LEVERAGING ACCESS LOCALITY FOR THE EFFICIENT USE
OF MULTIBIT ERROR-CORRECTING CODES IN L2 CACHE
By Hongbin Sun, Nanning Zheng, and Tong Zhang
Joseph SchneiderMarch 23, 2010
The Problem
As CMOS technology shrinks, random defects increase
Traditionally, these defects handled with redundant rows, columns, and words to replace defective ones
As random defects increase, traditional defect strategy may no longer be sufficient
The Solution
Extend the role of Error-Correcting Codes to compensate for defects
Error-Correcting Codes (ECC) also used to compensate for transient soft errors
Find a method that allows ECCs to be used for both defects and soft errors
Multi-bit ECC
Multi-bit ECC – ECC that can correct multiple errors in one codeword
Suffers larger latency and higher coding redundancy than single error correction
Therefore unusable in L1 cache without suffering major performance issues
Overall Goal
Implement multi-bit ECC in L2 cache design to correct L2 cache defects without causing significant IPC degradation, area use, or energy cost
Steps to Success
1. Apply multi-bit ECC only to cache blocks that require it
2. Implement buffers to limit repeated use of multi-bit ECC
3. Ensure data integrity for soft errors where ECC can no longer alone compensate for it
Limited multi-bit ECC
Cache blocks with one or more defective cells identified during memory testing; Multi-bit ECC selectively applied then
Content-Addressable Memory (CAM) then used to identify blocks requiring multi-bit ECC (referred to as m-blocks)

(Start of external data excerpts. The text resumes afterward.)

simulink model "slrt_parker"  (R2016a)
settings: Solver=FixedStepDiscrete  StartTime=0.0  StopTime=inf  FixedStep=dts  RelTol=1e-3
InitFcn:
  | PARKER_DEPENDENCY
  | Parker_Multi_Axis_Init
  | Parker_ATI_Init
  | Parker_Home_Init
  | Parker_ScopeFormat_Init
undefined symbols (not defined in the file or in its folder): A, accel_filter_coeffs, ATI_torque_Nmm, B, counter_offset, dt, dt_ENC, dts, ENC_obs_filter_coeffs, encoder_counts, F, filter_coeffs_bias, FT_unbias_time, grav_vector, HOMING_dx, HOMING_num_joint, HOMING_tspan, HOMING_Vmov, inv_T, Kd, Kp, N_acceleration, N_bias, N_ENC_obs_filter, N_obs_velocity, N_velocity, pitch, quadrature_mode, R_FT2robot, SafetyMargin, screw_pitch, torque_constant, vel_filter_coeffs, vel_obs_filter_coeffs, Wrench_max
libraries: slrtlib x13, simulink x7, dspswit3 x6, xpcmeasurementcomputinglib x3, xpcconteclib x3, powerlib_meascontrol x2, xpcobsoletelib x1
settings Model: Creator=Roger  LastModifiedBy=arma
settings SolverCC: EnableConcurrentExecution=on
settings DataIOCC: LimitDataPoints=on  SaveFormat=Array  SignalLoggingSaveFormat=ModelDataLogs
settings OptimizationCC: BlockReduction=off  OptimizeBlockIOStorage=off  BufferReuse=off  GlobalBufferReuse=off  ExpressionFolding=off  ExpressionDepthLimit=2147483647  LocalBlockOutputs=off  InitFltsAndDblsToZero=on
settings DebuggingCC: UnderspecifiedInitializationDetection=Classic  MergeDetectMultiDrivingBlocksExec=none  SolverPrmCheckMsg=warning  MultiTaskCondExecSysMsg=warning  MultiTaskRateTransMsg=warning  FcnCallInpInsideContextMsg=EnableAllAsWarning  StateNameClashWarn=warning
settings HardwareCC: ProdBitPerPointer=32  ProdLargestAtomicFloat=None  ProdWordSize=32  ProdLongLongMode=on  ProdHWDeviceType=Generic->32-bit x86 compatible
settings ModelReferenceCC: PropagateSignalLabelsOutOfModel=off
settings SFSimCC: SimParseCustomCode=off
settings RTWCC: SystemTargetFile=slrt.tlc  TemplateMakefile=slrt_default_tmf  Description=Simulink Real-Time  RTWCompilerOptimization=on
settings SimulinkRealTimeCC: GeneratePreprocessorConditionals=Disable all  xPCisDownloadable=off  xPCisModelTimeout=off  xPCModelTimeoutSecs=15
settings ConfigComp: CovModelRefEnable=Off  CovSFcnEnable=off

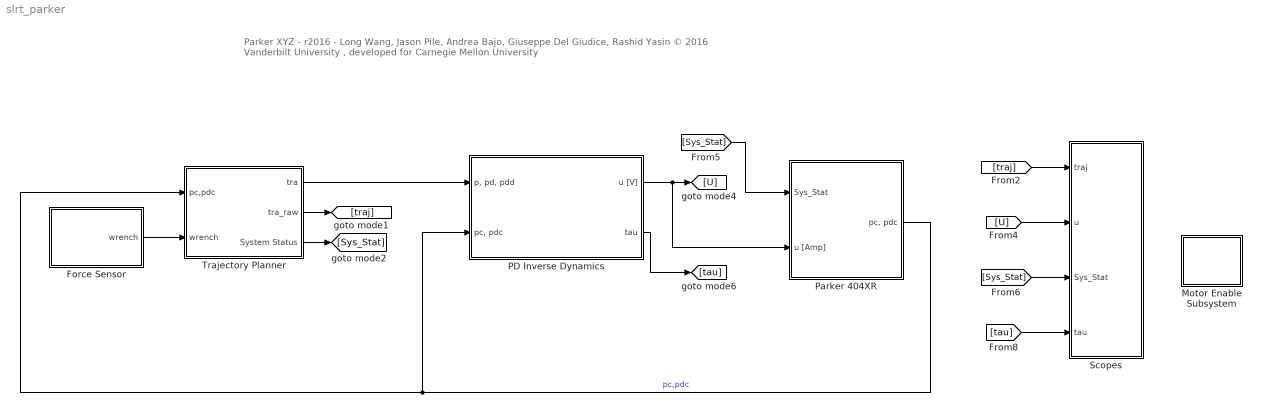
== system slrt_parker ==
  note: Parker XYZ -  r2016 - Long Wang, Jason Pile, Andrea Bajo, Giuseppe Del Giudice, Rashid Yasin
      |  © 2016 Vanderbilt University , developed for Carnegie Mellon University
  Force Sensor : Subsystem
  Motor Enable Subsystem : Subsystem
  PD Inverse Dynamics : Subsystem  TreatAsAtomicUnit=on
  Parker 404XR : Subsystem
  Scopes : Subsystem
  Trajectory Planner : Subsystem  TreatAsAtomicUnit=on
  wires:
  PD Inverse Dynamics/1(u [V]) -> Parker 404XR/2(u [Amp]), [U]
  Parker 404XR/1("pc, pdc") -> Trajectory Planner/1(pc,pdc), PD Inverse Dynamics/2("pc, pdc")  "pc,pdc"
  Trajectory Planner/1(tra) -> PD Inverse Dynamics/1("p, pd, pdd")
  Force Sensor/1(wrench) -> Trajectory Planner/2(wrench)
  [Sys_Stat] -> Parker 404XR/1(Sys_Stat)
  [traj] -> Scopes/1(traj)
  [U] -> Scopes/2(u)
  [Sys_Stat] -> Scopes/3(Sys_Stat)
  PD Inverse Dynamics/2(tau) -> [tau]
  [tau] -> Scopes/4(tau)
  Trajectory Planner/2(tra_raw) -> [traj]
  Trajectory Planner/3(System Status) -> [Sys_Stat]

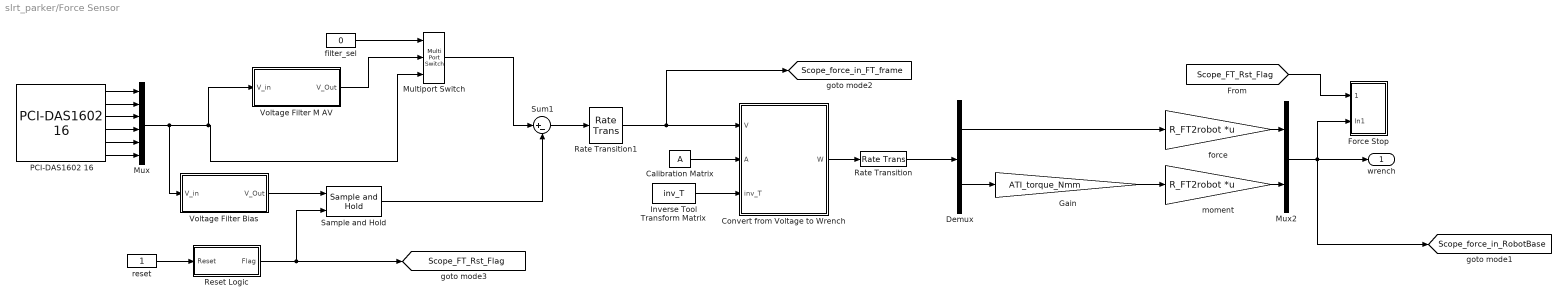
== system slrt_parker/Force Sensor ==
  Calibration Matrix : Constant  Value=A
  Convert from Voltage to Wrench : MATLAB Function  TreatAsAtomicUnit=on
  Demux : Demux  Outputs=2
  Force Stop : Subsystem
  Gain : Gain  Gain=ATI_torque_Nmm
  Inverse Tool Transform Matrix : Constant  Value=inv_T  VectorParams1D=off
  Multiport Switch : MultiPortSwitch  Inputs=2
  Mux : Mux  Inputs=6
  Mux2 : Mux  Inputs=2
  "PCI-DAS1602 16 " : xpcobsoletelib/Measurement Computing obs/A//D/PCI-DAS1602 16   channel=6  range=+-10V  mux=Differential (8 channels)  sampletime=dts  slot=-1
  Rate Transition : RateTransition  OutPortSampleTime=dt
  Rate Transition1 : RateTransition  OutPortSampleTime=dt
  Reset Logic : Subsystem
  Sample and Hold : powerlib_meascontrol/Additional Components/Sample and Hold  ic=zeros(6,1)  Ts=dts
  Sum1 : Sum  Inputs=|+-  SampleTime=dts
  Voltage Filter Bias : Subsystem
  Voltage Filter M AV : Subsystem
  filter_sel : Constant  Value=0
  force : Gain  Gain=R_FT2robot  Multiplication=Matrix(K*u)
  moment : Gain  Gain=R_FT2robot  Multiplication=Matrix(K*u)
  reset : Constant
  wrench : Outport
  tag scope: Scope_FT_Rst_Flag=global, Scope_force_in_FT_frame=global, Scope_force_in_RobotBase=global
  wires:
  "PCI-DAS1602 16 "/1 -> Mux/1
  "PCI-DAS1602 16 "/2 -> Mux/2
  "PCI-DAS1602 16 "/3 -> Mux/3
  "PCI-DAS1602 16 "/4 -> Mux/4
  "PCI-DAS1602 16 "/5 -> Mux/5
  Mux/1 -> Voltage Filter Bias/1(V_in), Voltage Filter M AV/1(V_in), Multiport Switch/3
  "PCI-DAS1602 16 "/6 -> Mux/6
  Calibration Matrix/1 -> Convert from Voltage to Wrench/2(A)
  Inverse Tool Transform Matrix/1 -> Convert from Voltage to Wrench/3(inv_T)
  Sum1/1 -> Rate Transition1/1
  Demux/1 -> force/1
  Demux/2 -> Gain/1
  force/1 -> Mux2/1
  moment/1 -> Mux2/2
  Mux2/1 -> [Scope_force_in_RobotBase], wrench/1, Force Stop/2(In1)
  Convert from Voltage to Wrench/1(W) -> Rate Transition/1
  Rate Transition/1 -> Demux/1
  Multiport Switch/1 -> Sum1/1
  filter_sel/1 -> Multiport Switch/1
  Voltage Filter Bias/1(V_Out) -> Sample and Hold/1
  Sample and Hold/1 -> Sum1/2
  reset/1 -> Reset Logic/1(Reset)
  Reset Logic/1(Flag) -> [Scope_FT_Rst_Flag], Sample and Hold/2
  Rate Transition1/1 -> [Scope_force_in_FT_frame], Convert from Voltage to Wrench/1(V)
  Voltage Filter M AV/1(V_Out) -> Multiport Switch/2
  [Scope_FT_Rst_Flag] -> Force Stop/1(ResetFlag)
  Gain/1 -> moment/1

== system slrt_parker/Motor Enable Subsystem ==
  Demux : Demux  Outputs=3
  Enable Motors : Constant  Value=ones(3,1)
  PCI-DDA08 12 to PORTA : xpcmeasurementcomputinglib/Digital Output/PCI-DDA08 12   channel=[4 5 6]  port=A  reset=[1 1 1]  initValue=[0 0 0]  chip=1  sampletime=dt  slot=-1
  wires:
  Demux/1 -> PCI-DDA08 12 to PORTA/1
  Demux/2 -> PCI-DDA08 12 to PORTA/2
  Demux/3 -> PCI-DDA08 12 to PORTA/3
  Enable Motors/1 -> Demux/1

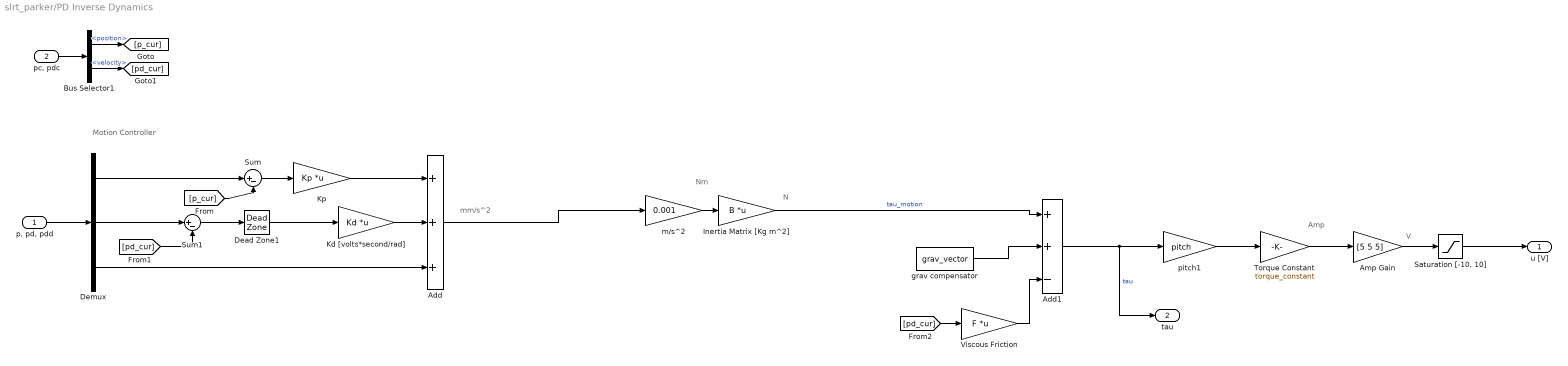
== system slrt_parker/PD Inverse Dynamics ==
  note: Motion Controller
  note: N
  note: mm/s^2
  note: Amp
  note: V
  note: Nm
  "p, pd, pdd" : Inport
  "pc, pdc" : Inport  Port=2
  Add : Sum  Inputs=+++
  Add1 : Sum  Inputs=++-  SampleTime=dt
  Amp Gain : Gain  Gain=[5 5 5]
  Bus Selector1 : BusSelector  OutputSignals=position,velocity
  Dead Zone1 : DeadZone  LowerValue=-2.5  UpperValue=2.5  SaturateOnIntegerOverflow=on
  Demux : Demux  Outputs=[3 3 3]
  Inertia Matrix [Kg m^2] : Gain  Gain=B  Multiplication=Matrix(K*u)
  Kd [volts*second/rad] : Gain  Gain=Kd  Multiplication=Matrix(K*u)
  Kp : Gain  Gain=Kp  Multiplication=Matrix(K*u)
  "Saturation [-10, 10]" : Saturate  UpperLimit=10  LowerLimit=-10
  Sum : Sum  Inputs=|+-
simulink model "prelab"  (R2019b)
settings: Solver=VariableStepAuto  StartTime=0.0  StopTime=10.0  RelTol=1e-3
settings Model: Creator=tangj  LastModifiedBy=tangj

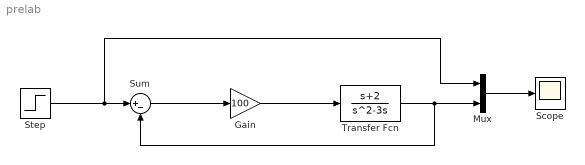
== system prelab ==
  Gain : Gain  Gain=100
  Mux : Mux  Inputs=2
  Scope : Scope
  Step : Step  SampleTime=0
  Sum : Sum  Inputs=|+-
  Transfer Fcn : TransferFcn  Numerator=[0,1,2]  Denominator=[1 -3 0]
  wires:
  Gain/1 -> Transfer Fcn/1
  Sum/1 -> Gain/1
  Step/1 -> Mux/1, Sum/1
  Mux/1 -> Scope/1
  Transfer Fcn/1 -> Sum/2, Mux/2
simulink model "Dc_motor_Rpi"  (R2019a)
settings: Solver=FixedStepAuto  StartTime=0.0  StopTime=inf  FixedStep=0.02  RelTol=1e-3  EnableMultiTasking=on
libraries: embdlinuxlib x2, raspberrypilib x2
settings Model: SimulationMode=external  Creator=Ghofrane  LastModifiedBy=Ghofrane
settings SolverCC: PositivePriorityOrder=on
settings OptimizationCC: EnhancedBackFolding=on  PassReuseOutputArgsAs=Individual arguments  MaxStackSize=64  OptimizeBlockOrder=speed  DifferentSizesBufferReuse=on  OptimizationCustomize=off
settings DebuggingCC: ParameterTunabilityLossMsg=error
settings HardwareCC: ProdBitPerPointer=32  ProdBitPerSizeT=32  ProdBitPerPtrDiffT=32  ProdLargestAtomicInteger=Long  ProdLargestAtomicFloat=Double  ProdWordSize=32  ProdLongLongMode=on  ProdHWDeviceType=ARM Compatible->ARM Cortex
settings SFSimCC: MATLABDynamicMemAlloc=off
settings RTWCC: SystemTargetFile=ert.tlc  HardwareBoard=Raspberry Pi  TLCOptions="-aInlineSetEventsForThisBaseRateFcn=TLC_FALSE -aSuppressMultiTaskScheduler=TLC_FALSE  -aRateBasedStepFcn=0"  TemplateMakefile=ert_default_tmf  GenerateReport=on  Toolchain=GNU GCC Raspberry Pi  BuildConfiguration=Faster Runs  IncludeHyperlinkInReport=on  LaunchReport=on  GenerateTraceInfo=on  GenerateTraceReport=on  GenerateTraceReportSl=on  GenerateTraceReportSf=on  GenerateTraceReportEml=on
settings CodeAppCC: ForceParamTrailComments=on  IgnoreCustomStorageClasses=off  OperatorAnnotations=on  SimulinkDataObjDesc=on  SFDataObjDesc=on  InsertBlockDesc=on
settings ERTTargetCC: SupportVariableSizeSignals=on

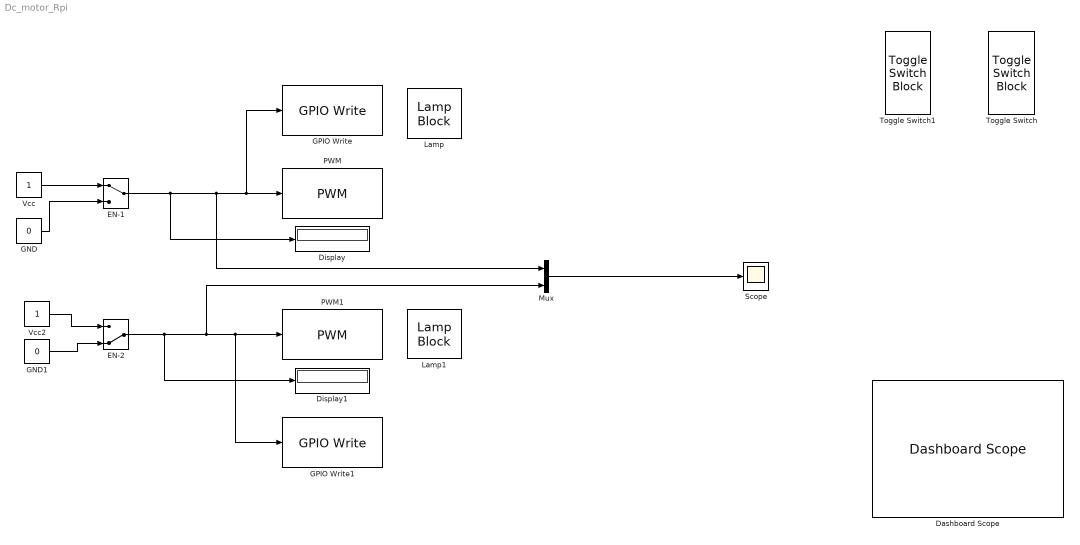
== system Dc_motor_Rpi ==
  Dashboard Scope : DashboardScope
  Display : Display
  Display1 : Display
  EN-1 : ManualSwitch
  EN-2 : ManualSwitch  CurrentSetting=0
  GND : Constant  Value=0
  "GND1 " : Constant  Value=0
  GPIO Write : embdlinuxlib/GPIO Write  board=Pi 2 Model B  gpio=19  direction=Output  blockPlatform=Raspberry Pi
      settings: SourceProductName=Simulink Coder Support Package for BeagleBone Blue Hardware  SourceProductBaseCode=SC_BEAGLEBONE_BLUE
  GPIO Write1 : embdlinuxlib/GPIO Write  board=Pi 2 Model B  gpio=26  direction=Output  blockPlatform=Raspberry Pi
      settings: SourceProductName=Simulink Coder Support Package for BeagleBone Blue Hardware  SourceProductBaseCode=SC_BEAGLEBONE_BLUE
  Lamp : LampBlock
  Lamp1 : LampBlock
  Mux : Mux  Inputs=2
  PWM : raspberrypilib/PWM  board=Pi 2 Model B  Pin_=21  Frequency=500  blockPlatform=Raspberry Pi
      settings: SourceProductName=Simulink Support Package for Raspberry Pi Hardware  SourceProductBaseCode=RASPPI
  PWM1 : raspberrypilib/PWM  board=Pi 2 Model B  Pin_=20  Frequency=500  blockPlatform=Raspberry Pi
      settings: SourceProductName=Simulink Support Package for Raspberry Pi Hardware  SourceProductBaseCode=RASPPI
  Scope : Scope
  Toggle Switch : ToggleSwitchBlock
      settings: Values={{'Off', 'On'}, [0 1]}
  Toggle Switch1 : ToggleSwitchBlock
      settings: Values={{'Off', 'On'}, [0 1]}
  Vcc : Constant
  Vcc2 : Constant
  wires:
  Vcc/1 -> EN-1/1
  EN-1/1 -> Display/1, Mux/1, GPIO Write/1, PWM/1
  GND/1 -> EN-1/2
  Vcc2/1 -> EN-2/1
  "GND1 "/1 -> EN-2/2
  EN-2/1 -> Display1/1, Mux/2, GPIO Write1/1, PWM1/1
  Mux/1 -> Scope/1

ISSUE: CAM requires large energy consumption
Proposed Architecture
Standard L2 cache core protecting all subblocks with single error correction, double error detection (SEC-DED) codes
Multi-bit ECC core using fully associative multi-bit ECC cache (M-ECC cache), ECC encoder/decoder, and two buffers. M-ECC cache contains location tags and corresponding check bits
Dirty Replication Cache to ensure soft error tolerance
Multi-bit ECC Core
In case of write, subblock data encoded and check bits stored
In case of read, check bits fetched and decoded
ISSUE: Constant use of multi-bit ECC will increase latency and energy consumption at higher defect densities
Solution: Two additional buffers
Multi-bit ECC Core Buffers
Pre-decoding Buffer: Small cache that keeps copies of mostly recently accessed m-blocks; Searched before accessing M-ECC cache
Employs least recently used (LRU) policy for replacement when full; Successful due to cache access temporal locality
Reduces large amount of ECC decoding and some M-ECC cache access
Multi-bit ECC Core Buffers
FLU buffer – small CAM that keeps addresses of recently accessed cache blocks that are NOT m-blocks
Also employs LRU policy
Further reduces M-ECC cache access
Soft Error Tolerance
ISSUE: When ECC devoted to defect tolerance, defective subblock is vulnerable to soft errors
Only necessary for blocks containing defects (including blocks with single defects protected by SEC-DED rather than multi-bit ECC)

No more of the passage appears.